A frase sugere, portanto, uma contraposição entre o desejo de autenticidade e a necessidade de cuidado. A tensão entre a liberdade de expressar nossos sintomas e o medo de ferir ou influenciar o outro nos coloca em um impasse existencial. Como sobreviver sem esses contraditórios? Essa é uma pergunta que ecoa em nossas vidas diárias. Seria possível encontrar um equilíbrio onde o enfrentamento do eu e o respeito pelo outro possam coexistir? 

Lacan propõe que a busca impossível pela comunicação, mesmo quando marcada por sintomas, é o caminho para a relação  e, assim, a superação das barreiras emocionais. Portanto, vozes que se unem, mesmo que ensaiadas por angústias e descontentamentos, têm o potencial de criar um espaço de compreensão mútua.

Neste contexto, a deslealdade cruenta de reprimir o que somos resulta numa tragédia potencial, tanto para o sujeito quanto para os que o cercam. Por outro lado, o convite para a exposição do sintoma — mesmo que angustiante — pode também ser um caminho para a cura e entendimento mútuo. Ao finalmente reconhecermos que nossa dor, embora particular, fala a uma experiência mais ampla compartilhada, podemos cultivar espaços de empatia em vez de desespero.
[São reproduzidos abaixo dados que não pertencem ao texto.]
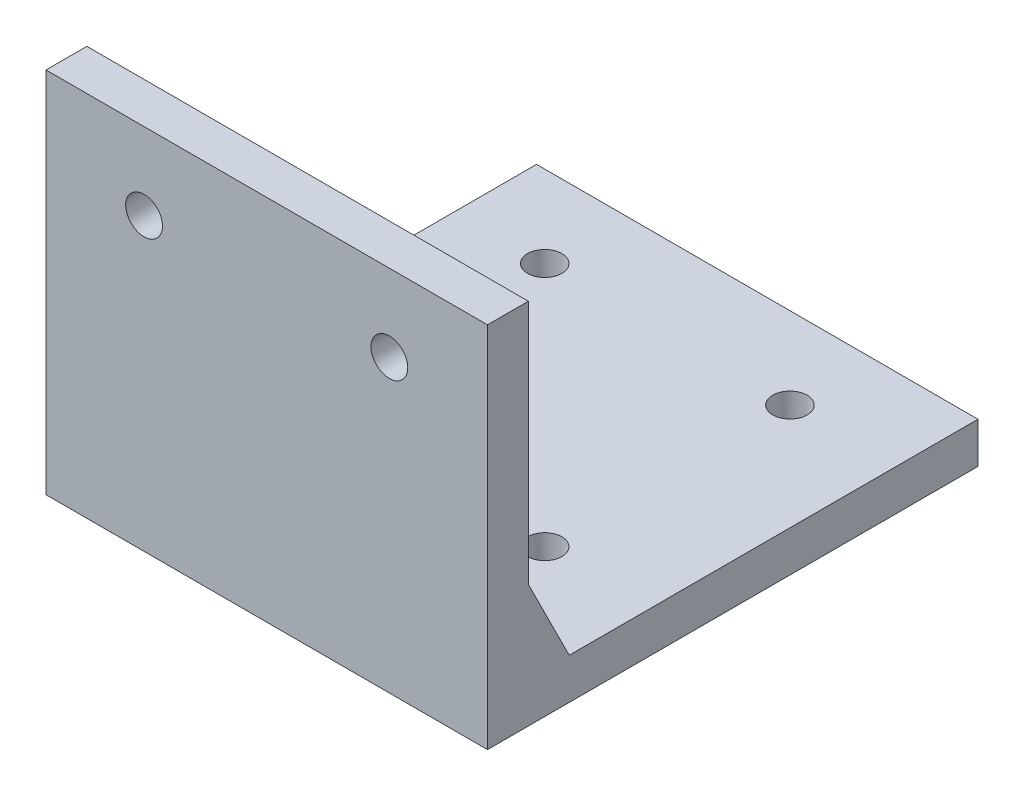
ISO-10303-21;
HEADER;
FILE_DESCRIPTION(('STEP AP214'),'2;1');
FILE_NAME('part.step','',(''),(''),'','','');
FILE_SCHEMA(('AUTOMOTIVE_DESIGN { 1 0 10303 214 1 1 1 1 }'));
ENDSEC;
DATA;
#1=APPLICATION_CONTEXT('core data for automotive mechanical design processes');
#2=APPLICATION_PROTOCOL_DEFINITION('international standard','automotive_design',2000,#1);
#3=PRODUCT_CONTEXT('',#1,'mechanical');
#4=PRODUCT('Part','Part','',(#3));
#5=PRODUCT_RELATED_PRODUCT_CATEGORY('part','',(#4));
#6=PRODUCT_DEFINITION_FORMATION('','',#4);
#7=PRODUCT_DEFINITION_CONTEXT('part definition',#1,'design');
#8=PRODUCT_DEFINITION('design','',#6,#7);
#9=PRODUCT_DEFINITION_SHAPE('','',#8);
#10=(LENGTH_UNIT() NAMED_UNIT(*) SI_UNIT(.MILLI.,.METRE.));
#11=(NAMED_UNIT(*) PLANE_ANGLE_UNIT() SI_UNIT($,.RADIAN.));
#12=(NAMED_UNIT(*) SI_UNIT($,.STERADIAN.) SOLID_ANGLE_UNIT());
#13=UNCERTAINTY_MEASURE_WITH_UNIT(LENGTH_MEASURE(1.E-05),#10,'distance_accuracy_value','');
#14=(GEOMETRIC_REPRESENTATION_CONTEXT(3) GLOBAL_UNCERTAINTY_ASSIGNED_CONTEXT((#13)) GLOBAL_UNIT_ASSIGNED_CONTEXT((#10,
#11,#12)) REPRESENTATION_CONTEXT('',''));
#15=CARTESIAN_POINT('',(0.,0.,0.));
#16=DIRECTION('',(0.,0.,1.));
#17=DIRECTION('',(1.,0.,0.));
#18=AXIS2_PLACEMENT_3D('',#15,#16,#17);
#19=CARTESIAN_POINT('',(54.,-17.9206342242443,1.15557027180788));
#20=DIRECTION('',(0.,0.,1.));
#21=DIRECTION('',(1.,0.,0.));
#22=AXIS2_PLACEMENT_3D('',#19,#20,#21);
#23=PLANE('',#22);
#24=CARTESIAN_POINT('',(42.,17.6532462868641,1.15557027180788));
#25=DIRECTION('',(0.,0.,1.));
#26=DIRECTION('',(1.,0.,0.));
#27=AXIS2_PLACEMENT_3D('',#24,#25,#26);
#28=CIRCLE('',#27,2.25);
#29=CARTESIAN_POINT('',(44.25,17.6532462868641,1.15557027180788));
#30=VERTEX_POINT('',#29);
#31=EDGE_CURVE('E146',#30,#30,#28,.T.);
#32=ORIENTED_EDGE('',*,*,#31,.F.);
#33=EDGE_LOOP('',(#32));
#34=FACE_BOUND('',#33,.T.);
#35=CARTESIAN_POINT('',(12.,17.6532462868641,1.15557027180788));
#36=DIRECTION('',(0.,0.,1.));
#37=DIRECTION('',(1.,0.,0.));
#38=AXIS2_PLACEMENT_3D('',#35,#36,#37);
#39=CIRCLE('',#38,2.25);
#40=CARTESIAN_POINT('',(14.25,17.6532462868641,1.15557027180788));
#41=VERTEX_POINT('',#40);
#42=EDGE_CURVE('E141',#41,#41,#39,.T.);
#43=ORIENTED_EDGE('',*,*,#42,.F.);
#44=EDGE_LOOP('',(#43));
#45=FACE_BOUND('',#44,.T.);
#46=DIRECTION('',(0.,1.,0.));
#47=VECTOR('',#46,1.);
#48=CARTESIAN_POINT('',(0.,-17.9206342242443,1.15557027180788));
#49=LINE('',#48,#47);
#50=CARTESIAN_POINT('',(0.,-17.9206342242443,1.15557027180788));
#51=VERTEX_POINT('',#50);
#52=CARTESIAN_POINT('',(0.,27.0793657757557,1.15557027180788));
#53=VERTEX_POINT('',#52);
#54=EDGE_CURVE('E122',#51,#53,#49,.T.);
#55=ORIENTED_EDGE('',*,*,#54,.F.);
#56=DIRECTION('',(-1.,0.,0.));
#57=VECTOR('',#56,1.);
#58=CARTESIAN_POINT('',(54.,-17.9206342242443,1.15557027180788));
#59=LINE('',#58,#57);
#60=CARTESIAN_POINT('',(54.,-17.9206342242443,1.15557027180788));
#61=VERTEX_POINT('',#60);
#62=EDGE_CURVE('E11',#61,#51,#59,.T.);
#63=ORIENTED_EDGE('',*,*,#62,.F.);
#64=DIRECTION('',(0.,1.,0.));
#65=VECTOR('',#64,1.);
#66=CARTESIAN_POINT('',(54.,-17.9206342242443,1.15557027180788));
#67=LINE('',#66,#65);
#68=CARTESIAN_POINT('',(54.,27.0793657757557,1.15557027180788));
#69=VERTEX_POINT('',#68);
#70=EDGE_CURVE('E131',#61,#69,#67,.T.);
#71=ORIENTED_EDGE('',*,*,#70,.T.);
#72=DIRECTION('',(-1.,0.,0.));
#73=VECTOR('',#72,1.);
#74=CARTESIAN_POINT('',(54.,27.0793657757557,1.15557027180788));
#75=LINE('',#74,#73);
#76=EDGE_CURVE('E135',#69,#53,#75,.T.);
#77=ORIENTED_EDGE('',*,*,#76,.T.);
#78=EDGE_LOOP('',(#55,#63,#71,#77));
#79=FACE_BOUND('',#78,.T.);
#80=ADVANCED_FACE('F40',(#34,#45,#79),#23,.T.);
#81=CARTESIAN_POINT('',(54.,-17.9206342242443,1.15557027180788));
#82=DIRECTION('',(0.,1.,0.));
#83=DIRECTION('',(0.,0.,1.));
#84=AXIS2_PLACEMENT_3D('',#81,#82,#83);
#85=PLANE('',#84);
#86=CARTESIAN_POINT('',(41.,-17.9206342242443,-48.8444297281921));
#87=DIRECTION('',(0.,1.,0.));
#88=DIRECTION('',(0.,0.,1.));
#89=AXIS2_PLACEMENT_3D('',#86,#87,#88);
#90=CIRCLE('',#89,2.1);
#91=CARTESIAN_POINT('',(41.,-17.9206342242443,-46.7444297281921));
#92=VERTEX_POINT('',#91);
#93=EDGE_CURVE('E142',#92,#92,#90,.T.);
#94=ORIENTED_EDGE('',*,*,#93,.T.);
#95=EDGE_LOOP('',(#94));
#96=FACE_BOUND('',#95,.T.);
#97=CARTESIAN_POINT('',(11.,-17.9206342242443,-18.8444297281921));
#98=DIRECTION('',(0.,1.,0.));
#99=DIRECTION('',(0.,0.,1.));
#100=AXIS2_PLACEMENT_3D('',#97,#98,#99);
#101=CIRCLE('',#100,2.1);
#102=CARTESIAN_POINT('',(11.,-17.9206342242443,-16.7444297281921));
#103=VERTEX_POINT('',#102);
#104=EDGE_CURVE('E156',#103,#103,#101,.T.);
#105=ORIENTED_EDGE('',*,*,#104,.T.);
#106=EDGE_LOOP('',(#105));
#107=FACE_BOUND('',#106,.T.);
#108=CARTESIAN_POINT('',(41.,-17.9206342242443,-18.8444297281921));
#109=DIRECTION('',(0.,1.,0.));
#110=DIRECTION('',(0.,0.,1.));
#111=AXIS2_PLACEMENT_3D('',#108,#109,#110);
#112=CIRCLE('',#111,2.1);
#113=CARTESIAN_POINT('',(41.,-17.9206342242443,-16.7444297281921));
#114=VERTEX_POINT('',#113);
#115=EDGE_CURVE('E153',#114,#114,#112,.T.);
#116=ORIENTED_EDGE('',*,*,#115,.T.);
#117=EDGE_LOOP('',(#116));
#118=FACE_BOUND('',#117,.T.);
#119=CARTESIAN_POINT('',(11.,-17.9206342242443,-48.8444297281921));
#120=DIRECTION('',(0.,1.,0.));
#121=DIRECTION('',(0.,0.,1.));
#122=AXIS2_PLACEMENT_3D('',#119,#120,#121);
#123=CIRCLE('',#122,2.1);
#124=CARTESIAN_POINT('',(11.,-17.9206342242443,-46.7444297281921));
#125=VERTEX_POINT('',#124);
#126=EDGE_CURVE('E150',#125,#125,#123,.T.);
#127=ORIENTED_EDGE('',*,*,#126,.T.);
#128=EDGE_LOOP('',(#127));
#129=FACE_BOUND('',#128,.T.);
#130=DIRECTION('',(0.,0.,-1.));
#131=VECTOR('',#130,1.);
#132=CARTESIAN_POINT('',(0.,-17.9206342242443,1.15557027180788));
#133=LINE('',#132,#131);
#134=CARTESIAN_POINT('',(0.,-17.9206342242443,-58.8444297281921));
#135=VERTEX_POINT('',#134);
#136=EDGE_CURVE('E126',#51,#135,#133,.T.);
#137=ORIENTED_EDGE('',*,*,#136,.T.);
#138=DIRECTION('',(-1.,0.,0.));
#139=VECTOR('',#138,1.);
#140=CARTESIAN_POINT('',(54.,-17.9206342242443,-58.8444297281921));
#141=LINE('',#140,#139);
#142=CARTESIAN_POINT('',(54.,-17.9206342242443,-58.8444297281921));
#143=VERTEX_POINT('',#142);
#144=EDGE_CURVE('E48',#143,#135,#141,.T.);
#145=ORIENTED_EDGE('',*,*,#144,.F.);
#146=DIRECTION('',(0.,0.,-1.));
#147=VECTOR('',#146,1.);
#148=CARTESIAN_POINT('',(54.,-17.9206342242443,1.15557027180788));
#149=LINE('',#148,#147);
#150=EDGE_CURVE('E137',#61,#143,#149,.T.);
#151=ORIENTED_EDGE('',*,*,#150,.F.);
#152=ORIENTED_EDGE('',*,*,#62,.T.);
#153=EDGE_LOOP('',(#137,#145,#151,#152));
#154=FACE_BOUND('',#153,.T.);
#155=ADVANCED_FACE('F192',(#96,#107,#118,#129,#154),#85,.F.);
#156=CARTESIAN_POINT('',(54.,-17.9206342242443,-58.8444297281921));
#157=DIRECTION('',(0.,0.,1.));
#158=DIRECTION('',(1.,0.,0.));
#159=AXIS2_PLACEMENT_3D('',#156,#157,#158);
#160=PLANE('',#159);
#161=DIRECTION('',(0.,1.,0.));
#162=VECTOR('',#161,1.);
#163=CARTESIAN_POINT('',(0.,-17.9206342242443,-58.8444297281921));
#164=LINE('',#163,#162);
#165=CARTESIAN_POINT('',(0.,-12.9206342242443,-58.8444297281921));
#166=VERTEX_POINT('',#165);
#167=EDGE_CURVE('E123',#135,#166,#164,.T.);
#168=ORIENTED_EDGE('',*,*,#167,.T.);
#169=DIRECTION('',(1.,0.,0.));
#170=VECTOR('',#169,1.);
#171=CARTESIAN_POINT('',(0.,-12.9206342242443,-58.8444297281921));
#172=LINE('',#171,#170);
#173=CARTESIAN_POINT('',(54.,-12.9206342242443,-58.8444297281921));
#174=VERTEX_POINT('',#173);
#175=EDGE_CURVE('E117',#166,#174,#172,.T.);
#176=ORIENTED_EDGE('',*,*,#175,.T.);
#177=DIRECTION('',(0.,1.,0.));
#178=VECTOR('',#177,1.);
#179=CARTESIAN_POINT('',(54.,-17.9206342242443,-58.8444297281921));
#180=LINE('',#179,#178);
#181=EDGE_CURVE('E183',#143,#174,#180,.T.);
#182=ORIENTED_EDGE('',*,*,#181,.F.);
#183=ORIENTED_EDGE('',*,*,#144,.T.);
#184=EDGE_LOOP('',(#168,#176,#182,#183));
#185=FACE_BOUND('',#184,.T.);
#186=ADVANCED_FACE('F195',(#185),#160,.F.);
#187=CARTESIAN_POINT('',(54.,27.0793657757557,1.15557027180788));
#188=DIRECTION('',(0.,1.,0.));
#189=DIRECTION('',(0.,0.,1.));
#190=AXIS2_PLACEMENT_3D('',#187,#188,#189);
#191=PLANE('',#190);
#192=DIRECTION('',(1.,0.,0.));
#193=VECTOR('',#192,1.);
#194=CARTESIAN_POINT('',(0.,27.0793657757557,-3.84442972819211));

Mesmo que desafiador é interessante  confrontar a dualidade da convivência humana, vivendo a autenticidade do nosso ser e reconhecendo que, embora os sintomas possam ser pesados, sua expressão pode, paradoxalmente, ser um gesto de solidariedade que promove conexão e transformação. Portanto, fazer frente ao dilema dos sintomas não é apenas um exercício individual, mas um convite à construção de uma rede de relações onde a dor possa ser compartilhada, compreendida e, finalmente, transfigurada.